By: Andy Regitsky
At its upcoming May 18, 2023, meeting, the FCC is poised to extend its robocall rules to even more carriers. The creation of the new rules highlights the Seventh Report and Order (Order), Eighth Further Notice of Proposed Rulemaking (FNPRM) and Third Notice of Inquiry (NOI) in Dockets 17-59 and 17-97 that the Commission plans on adopting.
In the Order the Commission extends several requirements previously adopted in May 2022 for gateway providers will now apply to other voice service providers to ensure even greater coverage for consumers:
First, the agency extends the 24- hour traceback requirement to cover all voice service providers in the call path. Thus, all voice service providers, regardless of their position in the call path, must fully respond to traceback requests from the Commission, civil and criminal law enforcement, and the industry traceback consortium within 24 hours of receipt of such a request.
Second, it enhances the existing requirement to effectively mitigate illegal traffic when notified by the Commission to require originating providers to block this traffic and makes it clear that, while terminating and non-gateway intermediate providers are not generally required to block, they are required to respond and provide accurate information regarding where they received the traffic.
Third, the FCC requires voice service providers to immediately downstream from a provider that fails to comply with the Commission’s directive to block their traffic.
Fourth, the agency expands its “know-your-upstream-provider” requirement to include all voice service providers. This holds that all voice service providers in the call path responsible for the calls that transit their networks
Additionally, the Commission updates the information that voice service providers must file in the Robocall Mitigation Database and commits to in their filings a mitigation plan to reflect the new traceback requirements.
These expanded requirements will help identify bad actors more quickly and make clear that voice service providers are responsible for the calls they originate, carry, or transmit.
In the FNPRM, the Commission,
Proposes and seek industry comments on further action to combat illegal robocalls, including by requiring all terminating providers to offer analytics-based blocking, requiring all voice service providers to block calls based on a reasonable do-not-originate list, and requiring non-gateway intermediate and terminating providers to block in certain instances.
This includes requiring a terminating or non-gateway intermediate provider to block if that provider, upon receipt of a Notice of Suspected Illegal Traffic, cannot identify the upstream provider from which it received any or all the calls, and allowing the Enforcement Bureau to direct a terminating or non-gateway intermediate provider that has received at least one prior Notice of Suspected Illegal Traffic to both block substantially similar traffic and identify the upstream provider from which it received the traffic.
Proposes to set a base forfeiture for failure to comply with the rule requiring voice service providers to take affirmative, effective measures to prevent new and renewing customers from originating illegal calls and to allow that forfeiture to be increased up to the maximum for non-common carriers.

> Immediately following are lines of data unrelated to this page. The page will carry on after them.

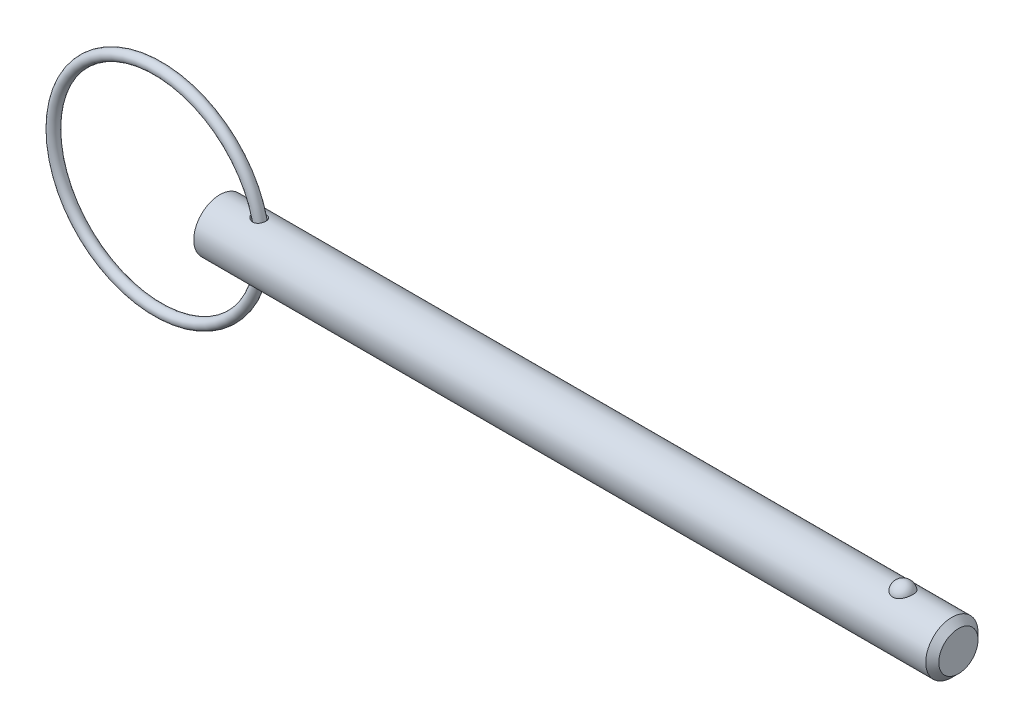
ISO-10303-21;
HEADER;
FILE_DESCRIPTION(('STEP AP214'),'2;1');
FILE_NAME('part.step','',(''),(''),'','','');
FILE_SCHEMA(('AUTOMOTIVE_DESIGN { 1 0 10303 214 1 1 1 1 }'));
ENDSEC;
DATA;
#1=APPLICATION_CONTEXT('core data for automotive mechanical design processes');
#2=APPLICATION_PROTOCOL_DEFINITION('international standard','automotive_design',2000,#1);
#3=PRODUCT_CONTEXT('',#1,'mechanical');
#4=PRODUCT('Part','Part','',(#3));
#5=PRODUCT_RELATED_PRODUCT_CATEGORY('part','',(#4));
#6=PRODUCT_DEFINITION_FORMATION('','',#4);
#7=PRODUCT_DEFINITION_CONTEXT('part definition',#1,'design');
#8=PRODUCT_DEFINITION('design','',#6,#7);
#9=PRODUCT_DEFINITION_SHAPE('','',#8);
#10=(LENGTH_UNIT() NAMED_UNIT(*) SI_UNIT(.MILLI.,.METRE.));
#11=(NAMED_UNIT(*) PLANE_ANGLE_UNIT() SI_UNIT($,.RADIAN.));
#12=(NAMED_UNIT(*) SI_UNIT($,.STERADIAN.) SOLID_ANGLE_UNIT());
#13=UNCERTAINTY_MEASURE_WITH_UNIT(LENGTH_MEASURE(1.E-05),#10,'distance_accuracy_value','');
#14=(GEOMETRIC_REPRESENTATION_CONTEXT(3) GLOBAL_UNCERTAINTY_ASSIGNED_CONTEXT((#13)) GLOBAL_UNIT_ASSIGNED_CONTEXT((#10,
#11,#12)) REPRESENTATION_CONTEXT('',''));
#15=CARTESIAN_POINT('',(0.,0.,0.));
#16=DIRECTION('',(0.,0.,1.));
#17=DIRECTION('',(1.,0.,0.));
#18=AXIS2_PLACEMENT_3D('',#15,#16,#17);
#19=CARTESIAN_POINT('',(-7.52490236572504,0.,0.));
#20=DIRECTION('',(0.,0.,1.));
#21=DIRECTION('',(1.,0.,0.));
#22=AXIS2_PLACEMENT_3D('',#19,#20,#21);
#23=TOROIDAL_SURFACE('',#22,12.7,0.635000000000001);
#24=CARTESIAN_POINT('',(5.81009763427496,0.,0.));
#25=VERTEX_POINT('',#24);
#26=VERTEX_LOOP('',#25);
#27=FACE_BOUND('',#26,.T.);
#28=ADVANCED_FACE('P0_F12',(#27),#23,.T.);
#29=CLOSED_SHELL('',(#28));
#30=MANIFOLD_SOLID_BREP('P0_B1',#29);
#31=CARTESIAN_POINT('',(0.,0.,0.));
#32=DIRECTION('',(1.,0.,0.));
#33=DIRECTION('',(0.,0.,-1.));
#34=AXIS2_PLACEMENT_3D('',#31,#32,#33);
#35=CYLINDRICAL_SURFACE('',#34,3.175);
#36=CARTESIAN_POINT('',(4.01221718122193,3.16142308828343,-0.293307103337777));
#37=CARTESIAN_POINT('',(4.03067993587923,3.15750982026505,-0.335477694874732));
#38=CARTESIAN_POINT('',(4.05297703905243,3.15289835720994,-0.375943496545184));
#39=CARTESIAN_POINT('',(4.10415276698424,3.14284099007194,-0.452407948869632));
#40=CARTESIAN_POINT('',(4.1330447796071,3.13739339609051,-0.488397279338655));
#41=CARTESIAN_POINT('',(4.19615348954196,3.12629932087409,-0.554988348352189));
#42=CARTESIAN_POINT('',(4.23034557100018,3.12065384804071,-0.585613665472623));
#43=CARTESIAN_POINT('',(4.3031328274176,3.10972452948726,-0.641123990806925));
#44=CARTESIAN_POINT('',(4.34172706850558,3.10444060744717,-0.666010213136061));
#45=CARTESIAN_POINT('',(4.42517725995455,3.09444053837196,-0.711079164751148));
#46=CARTESIAN_POINT('',(4.47028158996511,3.08978882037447,-0.730818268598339));
#47=CARTESIAN_POINT('',(4.56327045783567,3.08209858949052,-0.762602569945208));
#48=CARTESIAN_POINT('',(4.61115533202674,3.07906027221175,-0.774646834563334));
#49=CARTESIAN_POINT('',(4.70827322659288,3.0750396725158,-0.790458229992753));
#50=CARTESIAN_POINT('',(4.75750323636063,3.07405312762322,-0.79424252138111));
#51=CARTESIAN_POINT('',(4.85586074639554,3.07433427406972,-0.793155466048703));
#52=CARTESIAN_POINT('',(4.90498828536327,3.07560084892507,-0.788288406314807));
#53=CARTESIAN_POINT('',(4.99830385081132,3.08013122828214,-0.770385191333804));
#54=CARTESIAN_POINT('',(5.04260499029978,3.08325928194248,-0.757902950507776));
#55=CARTESIAN_POINT('',(5.1282462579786,3.09104671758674,-0.725486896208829));
#56=CARTESIAN_POINT('',(5.16958706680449,3.09570574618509,-0.705554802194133));
#57=CARTESIAN_POINT('',(5.24627719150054,3.10576748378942,-0.65981371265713));
#58=CARTESIAN_POINT('',(5.28181038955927,3.11112830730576,-0.634302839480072));
#59=CARTESIAN_POINT('',(5.34802604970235,3.12213947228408,-0.57766778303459));
#60=CARTESIAN_POINT('',(5.37870854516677,3.1277898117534,-0.546543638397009));
#61=CARTESIAN_POINT('',(5.43445707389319,3.13876145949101,-0.479533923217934));
#62=CARTESIAN_POINT('',(5.45951927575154,3.14408254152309,-0.443645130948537));
#63=CARTESIAN_POINT('',(5.50339935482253,3.15381660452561,-0.368122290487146));
#64=CARTESIAN_POINT('',(5.52221691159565,3.15822953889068,-0.328488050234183));
#65=CARTESIAN_POINT('',(5.55335622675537,3.16572312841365,-0.246075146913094));
#66=CARTESIAN_POINT('',(5.56559711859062,3.16878711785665,-0.203264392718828));
#67=CARTESIAN_POINT('',(5.58294807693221,3.17317503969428,-0.116135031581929));
#68=CARTESIAN_POINT('',(5.58805800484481,3.17449893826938,-0.0718163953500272));
#69=CARTESIAN_POINT('',(5.59103306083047,3.17526647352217,0.01723401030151));
#70=CARTESIAN_POINT('',(5.58887304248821,3.17470358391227,0.0619666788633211));
#71=CARTESIAN_POINT('',(5.57730300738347,3.17174350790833,0.15042284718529));
#72=CARTESIAN_POINT('',(5.56789286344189,3.16934628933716,0.1941463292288));
#73=CARTESIAN_POINT('',(5.54204285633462,3.16297605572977,0.27934466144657));
#74=CARTESIAN_POINT('',(5.52560272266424,3.15900298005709,0.320819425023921));
#75=CARTESIAN_POINT('',(5.4860820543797,3.14991364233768,0.400340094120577));
#76=CARTESIAN_POINT('',(5.46300145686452,3.14479736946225,0.438385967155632));
#77=CARTESIAN_POINT('',(5.41080575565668,3.1339965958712,0.509900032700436));
#78=CARTESIAN_POINT('',(5.3817004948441,3.12831302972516,0.54337554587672));
#79=CARTESIAN_POINT('',(5.31818122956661,3.11701107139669,0.604852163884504));
#80=CARTESIAN_POINT('',(5.2837678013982,3.11139267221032,0.632853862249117));
#81=CARTESIAN_POINT('',(5.21096127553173,3.10091904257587,0.682320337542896));
#82=CARTESIAN_POINT('',(5.1726139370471,3.09605639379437,0.703850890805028));
#83=CARTESIAN_POINT('',(5.09274050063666,3.08756769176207,0.740203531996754));
#84=CARTESIAN_POINT('',(5.05121474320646,3.08394150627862,0.755026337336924));
#85=CARTESIAN_POINT('',(4.96650658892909,3.07833156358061,0.777582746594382));
#86=CARTESIAN_POINT('',(4.92333841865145,3.07633606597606,0.785367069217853));
#87=CARTESIAN_POINT('',(4.83627503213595,3.07411756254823,0.794006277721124));
#88=CARTESIAN_POINT('',(4.79237971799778,3.07389479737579,0.794860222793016));
#89=CARTESIAN_POINT('',(4.70375644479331,3.0752087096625,0.789761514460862));
#90=CARTESIAN_POINT('',(4.65904075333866,3.07679607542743,0.783612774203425));
#91=CARTESIAN_POINT('',(4.57116325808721,3.08158486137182,0.764561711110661));
#92=CARTESIAN_POINT('',(4.52800197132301,3.08478681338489,0.751657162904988));
#93=CARTESIAN_POINT('',(4.44149370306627,3.09268658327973,0.718486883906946));
#94=CARTESIAN_POINT('',(4.39831651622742,3.0974680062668,0.697797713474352));
#95=CARTESIAN_POINT('',(4.31591226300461,3.10789270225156,0.649792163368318));
#96=CARTESIAN_POINT('',(4.27668695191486,3.11353635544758,0.622472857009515));
#97=CARTESIAN_POINT('',(4.20182407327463,3.1252888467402,0.560557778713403));
#98=CARTESIAN_POINT('',(4.16638921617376,3.13140725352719,0.525717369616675));
#99=CARTESIAN_POINT('',(4.10227951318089,3.14315144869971,0.450199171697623));
#100=CARTESIAN_POINT('',(4.0736023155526,3.14877740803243,0.409523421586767));
#101=CARTESIAN_POINT('',(4.02575866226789,3.15851130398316,0.325741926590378));
#102=CARTESIAN_POINT('',(4.00615248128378,3.16268619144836,0.282896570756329));
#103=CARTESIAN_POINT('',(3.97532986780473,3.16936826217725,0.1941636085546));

Seeks comments on other call blocking issues, including on requiring a single Session Initiation Protocol (SIP) Code for immediate notification to callers whose calls are blocked based on analytics and requiring terminating providers to display caller name information when they provide an indication to the call recipient that the call has received “full” or “A” attestation.
In the NOI, the FCC,
Seeks comments on the tools voice service providers use to combat illegal calls, including honeypots. A honeypot is an unassigned phone number that is used by a voice service provider, researcher, or other third party to receive (and, where permissible, record) calls to those numbers. It allows the voice service provider (or other holder) to “listen in” on such calls
Seeks comment on the current state of call labeling, including the extent of it use and its accuracy.
Industry comments for both the FNPRM and NOI will be due 30 days after they appear in the Federal Register.